• EXCERPTED RECORDS
########
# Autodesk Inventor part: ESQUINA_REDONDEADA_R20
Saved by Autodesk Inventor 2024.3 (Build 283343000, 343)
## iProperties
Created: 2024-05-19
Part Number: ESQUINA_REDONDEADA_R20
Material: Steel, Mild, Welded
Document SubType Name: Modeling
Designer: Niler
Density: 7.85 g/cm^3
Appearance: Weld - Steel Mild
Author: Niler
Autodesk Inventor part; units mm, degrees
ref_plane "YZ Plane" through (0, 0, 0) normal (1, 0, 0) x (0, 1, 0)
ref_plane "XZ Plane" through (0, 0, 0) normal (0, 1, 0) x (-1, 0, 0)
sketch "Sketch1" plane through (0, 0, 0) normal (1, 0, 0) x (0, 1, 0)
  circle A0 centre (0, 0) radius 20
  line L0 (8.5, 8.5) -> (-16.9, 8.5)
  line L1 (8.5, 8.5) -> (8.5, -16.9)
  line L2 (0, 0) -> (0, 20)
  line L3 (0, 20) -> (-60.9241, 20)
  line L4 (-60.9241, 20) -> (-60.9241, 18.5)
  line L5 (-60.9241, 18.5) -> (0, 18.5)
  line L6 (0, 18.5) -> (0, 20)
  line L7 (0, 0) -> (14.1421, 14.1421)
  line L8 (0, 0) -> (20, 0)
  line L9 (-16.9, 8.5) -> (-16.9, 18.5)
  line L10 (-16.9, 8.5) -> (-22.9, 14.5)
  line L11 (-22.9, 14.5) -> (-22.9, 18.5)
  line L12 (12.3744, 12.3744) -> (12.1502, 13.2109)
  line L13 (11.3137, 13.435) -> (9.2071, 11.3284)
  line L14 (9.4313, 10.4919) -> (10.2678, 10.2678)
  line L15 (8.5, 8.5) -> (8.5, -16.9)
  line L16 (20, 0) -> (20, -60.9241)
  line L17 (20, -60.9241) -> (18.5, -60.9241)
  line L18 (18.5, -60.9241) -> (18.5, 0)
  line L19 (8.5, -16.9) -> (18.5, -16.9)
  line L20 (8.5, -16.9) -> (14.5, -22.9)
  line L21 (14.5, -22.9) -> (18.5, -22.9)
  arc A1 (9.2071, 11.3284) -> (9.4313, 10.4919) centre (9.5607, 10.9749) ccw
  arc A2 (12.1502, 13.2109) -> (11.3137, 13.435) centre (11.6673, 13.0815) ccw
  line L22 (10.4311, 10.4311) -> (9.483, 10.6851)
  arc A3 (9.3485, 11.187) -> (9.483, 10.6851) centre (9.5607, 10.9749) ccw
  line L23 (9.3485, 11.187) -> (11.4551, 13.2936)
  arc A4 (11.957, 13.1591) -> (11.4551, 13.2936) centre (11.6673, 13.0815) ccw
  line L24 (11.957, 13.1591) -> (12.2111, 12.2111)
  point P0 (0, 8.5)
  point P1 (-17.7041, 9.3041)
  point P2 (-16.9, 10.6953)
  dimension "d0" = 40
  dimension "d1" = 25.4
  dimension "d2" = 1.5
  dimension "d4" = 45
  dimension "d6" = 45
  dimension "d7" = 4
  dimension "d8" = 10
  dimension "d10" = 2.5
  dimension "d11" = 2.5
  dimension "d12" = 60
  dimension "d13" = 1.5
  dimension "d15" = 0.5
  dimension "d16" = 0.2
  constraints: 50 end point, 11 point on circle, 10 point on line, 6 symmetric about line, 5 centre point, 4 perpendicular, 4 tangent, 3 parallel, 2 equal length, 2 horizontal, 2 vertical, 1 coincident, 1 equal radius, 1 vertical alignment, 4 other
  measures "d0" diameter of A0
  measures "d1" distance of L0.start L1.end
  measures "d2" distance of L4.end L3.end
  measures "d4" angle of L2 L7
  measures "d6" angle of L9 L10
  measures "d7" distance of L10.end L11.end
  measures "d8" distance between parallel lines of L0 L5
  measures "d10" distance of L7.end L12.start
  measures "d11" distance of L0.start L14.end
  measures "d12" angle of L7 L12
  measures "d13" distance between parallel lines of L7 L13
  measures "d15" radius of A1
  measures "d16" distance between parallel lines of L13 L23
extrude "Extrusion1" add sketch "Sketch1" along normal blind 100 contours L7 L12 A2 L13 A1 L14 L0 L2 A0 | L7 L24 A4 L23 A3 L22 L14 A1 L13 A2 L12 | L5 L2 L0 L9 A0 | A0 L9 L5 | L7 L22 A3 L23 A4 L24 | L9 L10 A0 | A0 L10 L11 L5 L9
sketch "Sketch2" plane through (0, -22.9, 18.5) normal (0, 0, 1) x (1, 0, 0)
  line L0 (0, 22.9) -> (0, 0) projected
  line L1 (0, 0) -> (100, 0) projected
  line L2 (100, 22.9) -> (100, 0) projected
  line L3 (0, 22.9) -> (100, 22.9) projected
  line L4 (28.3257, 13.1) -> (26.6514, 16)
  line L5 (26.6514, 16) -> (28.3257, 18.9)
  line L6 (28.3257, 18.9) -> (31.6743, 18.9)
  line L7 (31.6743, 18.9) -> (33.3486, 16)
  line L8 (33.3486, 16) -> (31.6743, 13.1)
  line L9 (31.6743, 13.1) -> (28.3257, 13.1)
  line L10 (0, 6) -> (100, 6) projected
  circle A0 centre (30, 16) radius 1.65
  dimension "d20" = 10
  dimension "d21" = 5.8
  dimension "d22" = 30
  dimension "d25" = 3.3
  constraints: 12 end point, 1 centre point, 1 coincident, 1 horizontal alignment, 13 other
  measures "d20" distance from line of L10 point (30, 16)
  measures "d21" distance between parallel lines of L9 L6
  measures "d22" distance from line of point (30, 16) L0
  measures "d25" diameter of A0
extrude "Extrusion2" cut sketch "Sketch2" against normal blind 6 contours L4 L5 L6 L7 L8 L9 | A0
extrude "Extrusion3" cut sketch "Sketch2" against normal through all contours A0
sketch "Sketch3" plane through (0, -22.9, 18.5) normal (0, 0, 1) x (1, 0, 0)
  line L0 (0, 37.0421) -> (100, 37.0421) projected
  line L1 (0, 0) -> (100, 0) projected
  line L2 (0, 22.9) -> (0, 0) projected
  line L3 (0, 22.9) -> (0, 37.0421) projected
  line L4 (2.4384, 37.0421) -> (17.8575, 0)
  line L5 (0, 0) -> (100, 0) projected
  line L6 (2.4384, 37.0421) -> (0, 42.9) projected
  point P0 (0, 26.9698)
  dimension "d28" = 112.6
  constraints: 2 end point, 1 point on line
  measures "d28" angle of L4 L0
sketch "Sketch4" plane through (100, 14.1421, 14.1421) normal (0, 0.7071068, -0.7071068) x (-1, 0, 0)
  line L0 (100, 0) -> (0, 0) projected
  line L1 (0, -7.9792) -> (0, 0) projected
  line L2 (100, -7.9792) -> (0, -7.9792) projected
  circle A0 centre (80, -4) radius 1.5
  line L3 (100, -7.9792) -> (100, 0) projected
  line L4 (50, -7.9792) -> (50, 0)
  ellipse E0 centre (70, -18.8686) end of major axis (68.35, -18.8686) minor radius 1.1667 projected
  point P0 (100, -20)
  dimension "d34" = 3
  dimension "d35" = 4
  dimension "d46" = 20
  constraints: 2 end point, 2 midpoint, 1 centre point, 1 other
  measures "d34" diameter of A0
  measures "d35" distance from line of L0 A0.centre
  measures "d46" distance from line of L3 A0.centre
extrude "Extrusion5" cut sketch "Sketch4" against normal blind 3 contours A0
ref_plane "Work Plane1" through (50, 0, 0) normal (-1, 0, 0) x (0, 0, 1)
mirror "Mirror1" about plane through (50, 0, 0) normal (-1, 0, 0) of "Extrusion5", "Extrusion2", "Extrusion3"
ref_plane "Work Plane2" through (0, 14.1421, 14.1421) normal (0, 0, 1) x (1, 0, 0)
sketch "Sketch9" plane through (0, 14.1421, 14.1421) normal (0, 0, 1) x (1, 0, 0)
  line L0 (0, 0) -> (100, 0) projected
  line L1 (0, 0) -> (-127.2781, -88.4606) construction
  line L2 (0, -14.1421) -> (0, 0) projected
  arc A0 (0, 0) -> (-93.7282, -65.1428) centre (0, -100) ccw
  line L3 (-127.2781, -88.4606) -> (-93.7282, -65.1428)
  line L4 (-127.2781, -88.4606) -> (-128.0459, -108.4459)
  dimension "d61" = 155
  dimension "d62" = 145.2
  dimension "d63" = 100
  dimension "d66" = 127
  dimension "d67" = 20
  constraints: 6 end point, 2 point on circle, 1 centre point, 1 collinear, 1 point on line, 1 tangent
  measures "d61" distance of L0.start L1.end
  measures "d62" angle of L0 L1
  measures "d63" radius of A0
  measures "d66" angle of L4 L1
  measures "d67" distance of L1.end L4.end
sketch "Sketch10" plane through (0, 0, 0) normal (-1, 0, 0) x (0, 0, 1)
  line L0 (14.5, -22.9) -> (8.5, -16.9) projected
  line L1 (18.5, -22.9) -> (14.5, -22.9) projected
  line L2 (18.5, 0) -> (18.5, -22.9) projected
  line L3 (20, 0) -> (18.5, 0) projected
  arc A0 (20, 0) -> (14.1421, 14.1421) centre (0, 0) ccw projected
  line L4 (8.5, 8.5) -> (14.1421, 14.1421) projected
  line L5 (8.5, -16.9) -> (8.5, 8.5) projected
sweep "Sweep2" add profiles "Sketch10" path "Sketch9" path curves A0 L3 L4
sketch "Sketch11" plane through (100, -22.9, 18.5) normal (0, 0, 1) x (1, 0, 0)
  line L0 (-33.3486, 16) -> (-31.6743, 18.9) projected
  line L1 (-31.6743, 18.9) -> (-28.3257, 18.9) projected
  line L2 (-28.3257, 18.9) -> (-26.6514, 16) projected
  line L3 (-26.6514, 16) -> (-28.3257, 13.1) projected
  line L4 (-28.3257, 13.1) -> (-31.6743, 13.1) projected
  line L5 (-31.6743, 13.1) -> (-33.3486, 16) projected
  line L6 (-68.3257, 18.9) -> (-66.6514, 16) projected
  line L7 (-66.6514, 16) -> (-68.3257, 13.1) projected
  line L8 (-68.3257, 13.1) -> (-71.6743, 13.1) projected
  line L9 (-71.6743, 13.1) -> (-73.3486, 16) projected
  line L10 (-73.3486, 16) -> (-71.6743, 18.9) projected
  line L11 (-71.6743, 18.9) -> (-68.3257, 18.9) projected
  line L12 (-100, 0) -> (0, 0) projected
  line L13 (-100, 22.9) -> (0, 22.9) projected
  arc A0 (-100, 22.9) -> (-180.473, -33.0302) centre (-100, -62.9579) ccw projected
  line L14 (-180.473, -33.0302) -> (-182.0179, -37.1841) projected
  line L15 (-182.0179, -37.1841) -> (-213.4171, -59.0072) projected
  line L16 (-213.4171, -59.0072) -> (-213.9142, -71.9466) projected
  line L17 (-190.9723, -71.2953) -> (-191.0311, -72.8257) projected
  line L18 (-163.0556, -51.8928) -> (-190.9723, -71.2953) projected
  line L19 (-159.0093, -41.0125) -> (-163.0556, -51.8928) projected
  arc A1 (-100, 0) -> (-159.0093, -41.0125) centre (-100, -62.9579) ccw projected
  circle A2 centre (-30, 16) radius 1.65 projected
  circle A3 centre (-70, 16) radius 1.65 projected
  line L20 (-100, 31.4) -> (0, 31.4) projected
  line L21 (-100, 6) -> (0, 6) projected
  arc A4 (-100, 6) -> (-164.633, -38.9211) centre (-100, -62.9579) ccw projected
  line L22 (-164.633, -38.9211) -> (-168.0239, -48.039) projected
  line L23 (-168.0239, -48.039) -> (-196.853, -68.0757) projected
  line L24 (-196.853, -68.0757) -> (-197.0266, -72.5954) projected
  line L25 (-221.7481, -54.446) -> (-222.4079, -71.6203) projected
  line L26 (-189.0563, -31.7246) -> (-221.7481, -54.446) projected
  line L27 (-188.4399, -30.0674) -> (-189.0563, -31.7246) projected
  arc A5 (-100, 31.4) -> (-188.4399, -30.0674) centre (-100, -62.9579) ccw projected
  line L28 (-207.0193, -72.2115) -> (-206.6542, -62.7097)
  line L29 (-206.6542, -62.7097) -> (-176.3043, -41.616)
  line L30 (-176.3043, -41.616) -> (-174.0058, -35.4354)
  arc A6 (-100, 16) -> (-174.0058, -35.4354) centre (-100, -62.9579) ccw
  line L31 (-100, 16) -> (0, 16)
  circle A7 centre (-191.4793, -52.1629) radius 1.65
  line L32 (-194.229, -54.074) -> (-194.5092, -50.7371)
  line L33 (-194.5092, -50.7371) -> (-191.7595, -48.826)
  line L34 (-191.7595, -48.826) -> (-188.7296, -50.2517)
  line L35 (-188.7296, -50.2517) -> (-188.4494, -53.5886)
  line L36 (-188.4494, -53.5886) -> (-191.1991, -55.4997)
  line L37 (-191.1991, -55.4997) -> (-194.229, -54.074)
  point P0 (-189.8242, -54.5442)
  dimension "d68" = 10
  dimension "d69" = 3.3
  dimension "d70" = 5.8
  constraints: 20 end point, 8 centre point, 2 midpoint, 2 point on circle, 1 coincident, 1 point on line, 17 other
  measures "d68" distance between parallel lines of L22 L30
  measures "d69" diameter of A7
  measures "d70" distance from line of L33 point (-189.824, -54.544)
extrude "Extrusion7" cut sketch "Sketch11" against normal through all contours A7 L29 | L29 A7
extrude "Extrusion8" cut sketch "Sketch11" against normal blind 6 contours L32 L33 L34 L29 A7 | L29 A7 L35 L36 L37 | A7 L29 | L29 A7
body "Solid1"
########
• TASK DETAILS
Could you restate, word for word, the lines above from the one with "of L4.end L3.end" to the one with "line L3 (0, 22.9) -> (100, 22.9) projected", both included?

• TASK ANSWER
  measures "d2" distance of L4.end L3.end
  measures "d4" angle of L2 L7
  measures "d6" angle of L9 L10
  measures "d7" distance of L10.end L11.end
  measures "d8" distance between parallel lines of L0 L5
  measures "d10" distance of L7.end L12.start
  measures "d11" distance of L0.start L14.end
  measures "d12" angle of L7 L12
  measures "d13" distance between parallel lines of L7 L13
  measures "d15" radius of A1
  measures "d16" distance between parallel lines of L13 L23
extrude "Extrusion1" add sketch "Sketch1" along normal blind 100 contours L7 L12 A2 L13 A1 L14 L0 L2 A0 | L7 L24 A4 L23 A3 L22 L14 A1 L13 A2 L12 | L5 L2 L0 L9 A0 | A0 L9 L5 | L7 L22 A3 L23 A4 L24 | L9 L10 A0 | A0 L10 L11 L5 L9
sketch "Sketch2" plane through (0, -22.9, 18.5) normal (0, 0, 1) x (1, 0, 0)
  line L0 (0, 22.9) -> (0, 0) projected
  line L1 (0, 0) -> (100, 0) projected
  line L2 (100, 22.9) -> (100, 0) projected
  line L3 (0, 22.9) -> (100, 22.9) projected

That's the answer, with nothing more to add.